> _Problem description_: From the top of the entries, reproduce each line exactly, stopping after the line that contains "#13425 = EDGE_LOOP". Omit pictures.

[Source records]
┌──

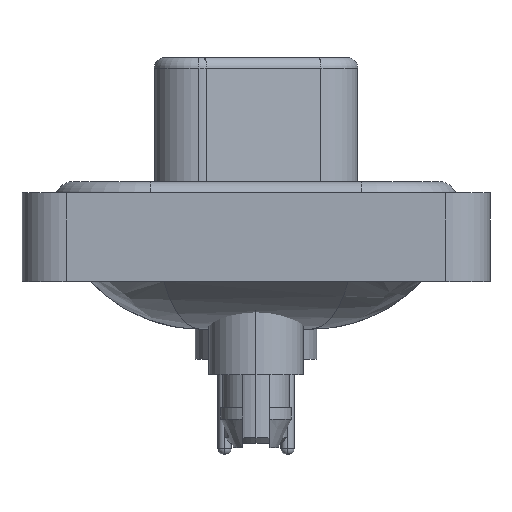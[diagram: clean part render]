
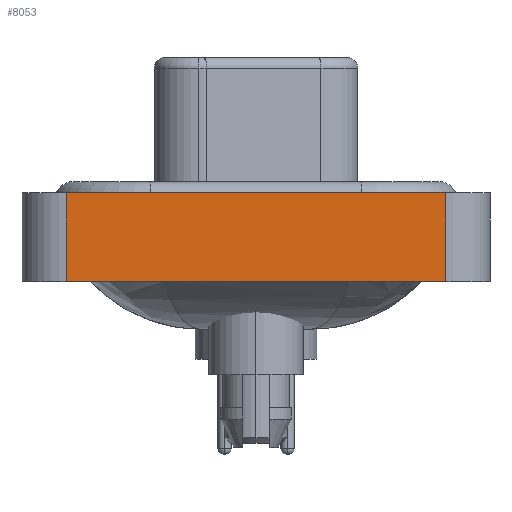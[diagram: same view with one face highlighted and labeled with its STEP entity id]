
A CAD part, left-side view. The second image highlights one B-rep face of the part: STEP entity #8053.
In plain terms, the highlighted planar face has unit normal (-1, 0, 0).
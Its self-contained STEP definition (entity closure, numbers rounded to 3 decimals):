
#78 = EDGE_CURVE ( 'NONE', #16552, #16697, #3086, .T. ) ;
#206 = CARTESIAN_POINT ( 'NONE',  ( -7.35, -8.55, -3.6 ) ) ;
#711 = CARTESIAN_POINT ( 'NONE',  ( -7.35, -8.55, -3.6 ) ) ;
#1730 = CARTESIAN_POINT ( 'NONE',  ( -7.35, -8.55, 0.4 ) ) ;
#1852 = DIRECTION ( 'NONE',  ( 0., -1., 0. ) ) ;
#2422 = EDGE_CURVE ( 'NONE', #16697, #14755, #9540, .T. ) ;
#3086 = LINE ( 'NONE', #4934, #12372 ) ;
#3130 = ORIENTED_EDGE ( 'NONE', *, *, #2422, .T. ) ;
#3540 = ORIENTED_EDGE ( 'NONE', *, *, #8271, .F. ) ;
#3801 = DIRECTION ( 'NONE',  ( 0., 0., 1. ) ) ;
#4191 = VERTEX_POINT ( 'NONE', #10888 ) ;
#4934 = CARTESIAN_POINT ( 'NONE',  ( -7.35, -8.55, -3.6 ) ) ;
#6025 = DIRECTION ( 'NONE',  ( 0., 0., 1. ) ) ;
#6401 = DIRECTION ( 'NONE',  ( 0., 0., 1. ) ) ;
#7984 = VECTOR ( 'NONE', #3801, 1000. ) ;
#8053 = ADVANCED_FACE ( 'NONE', ( #16653 ), #15136, .T. ) ;
#8271 = EDGE_CURVE ( 'NONE', #16552, #4191, #17877, .T. ) ;
#9355 = CARTESIAN_POINT ( 'NONE',  ( -7.35, 8.55, -3.6 ) ) ;
#9540 = LINE ( 'NONE', #206, #7984 ) ;
#9837 = CARTESIAN_POINT ( 'NONE',  ( -7.35, -8.55, -3.6 ) ) ;
#10888 = CARTESIAN_POINT ( 'NONE',  ( -7.35, 8.55, 0.4 ) ) ;
#11073 = VECTOR ( 'NONE', #6025, 1000. ) ;
#11867 = VECTOR ( 'NONE', #1852, 1000. ) ;
#12372 = VECTOR ( 'NONE', #20801, 1000. ) ;
#13425 = EDGE_LOOP ( 'NONE', ( #3130, #19055, #3540, #16337 ) ) ;
#13808 = LINE ( 'NONE', #1730, #11867 ) ;
#14287 = CARTESIAN_POINT ( 'NONE',  ( -7.35, 8.55, -3.6 ) ) ;
#14755 = VERTEX_POINT ( 'NONE', #21016 ) ;
#15136 = PLANE ( 'NONE',  #18034 ) ;
#16337 = ORIENTED_EDGE ( 'NONE', *, *, #78, .T. ) ;
#16552 = VERTEX_POINT ( 'NONE', #14287 ) ;
#16653 = FACE_OUTER_BOUND ( 'NONE', #13425, .T. ) ;
#16697 = VERTEX_POINT ( 'NONE', #711 ) ;
#17877 = LINE ( 'NONE', #9355, #11073 ) ;
#18034 = AXIS2_PLACEMENT_3D ( 'NONE', #9837, #22162, #6401 ) ;
#18219 = EDGE_CURVE ( 'NONE', #4191, #14755, #13808, .T. ) ;
#19055 = ORIENTED_EDGE ( 'NONE', *, *, #18219, .F. ) ;
#20801 = DIRECTION ( 'NONE',  ( 0., -1., 0. ) ) ;
#21016 = CARTESIAN_POINT ( 'NONE',  ( -7.35, -8.55, 0.4 ) ) ;
#22162 = DIRECTION ( 'NONE',  ( -1., 0., 0. ) ) ;

└──

> _Your solution_:
[diagram: clean part render]
[diagram: same view with one face highlighted and labeled with its STEP entity id]
A CAD part, left-side view. The second image highlights one B-rep face of the part: STEP entity #8053.
In plain terms, the highlighted planar face has unit normal (-1, 0, 0).
Its self-contained STEP definition (entity closure, numbers rounded to 3 decimals):
#78 = EDGE_CURVE ( 'NONE', #16552, #16697, #3086, .T. ) ;
#206 = CARTESIAN_POINT ( 'NONE',  ( -7.35, -8.55, -3.6 ) ) ;
#711 = CARTESIAN_POINT ( 'NONE',  ( -7.35, -8.55, -3.6 ) ) ;
#1730 = CARTESIAN_POINT ( 'NONE',  ( -7.35, -8.55, 0.4 ) ) ;
#1852 = DIRECTION ( 'NONE',  ( 0., -1., 0. ) ) ;
#2422 = EDGE_CURVE ( 'NONE', #16697, #14755, #9540, .T. ) ;
#3086 = LINE ( 'NONE', #4934, #12372 ) ;
#3130 = ORIENTED_EDGE ( 'NONE', *, *, #2422, .T. ) ;
#3540 = ORIENTED_EDGE ( 'NONE', *, *, #8271, .F. ) ;
#3801 = DIRECTION ( 'NONE',  ( 0., 0., 1. ) ) ;
#4191 = VERTEX_POINT ( 'NONE', #10888 ) ;
#4934 = CARTESIAN_POINT ( 'NONE',  ( -7.35, -8.55, -3.6 ) ) ;
#6025 = DIRECTION ( 'NONE',  ( 0., 0., 1. ) ) ;
#6401 = DIRECTION ( 'NONE',  ( 0., 0., 1. ) ) ;
#7984 = VECTOR ( 'NONE', #3801, 1000. ) ;
#8053 = ADVANCED_FACE ( 'NONE', ( #16653 ), #15136, .T. ) ;
#8271 = EDGE_CURVE ( 'NONE', #16552, #4191, #17877, .T. ) ;
#9355 = CARTESIAN_POINT ( 'NONE',  ( -7.35, 8.55, -3.6 ) ) ;
#9540 = LINE ( 'NONE', #206, #7984 ) ;
#9837 = CARTESIAN_POINT ( 'NONE',  ( -7.35, -8.55, -3.6 ) ) ;
#10888 = CARTESIAN_POINT ( 'NONE',  ( -7.35, 8.55, 0.4 ) ) ;
#11073 = VECTOR ( 'NONE', #6025, 1000. ) ;
#11867 = VECTOR ( 'NONE', #1852, 1000. ) ;
#12372 = VECTOR ( 'NONE', #20801, 1000. ) ;
#13425 = EDGE_LOOP ( 'NONE', ( #3130, #19055, #3540, #16337 ) ) ;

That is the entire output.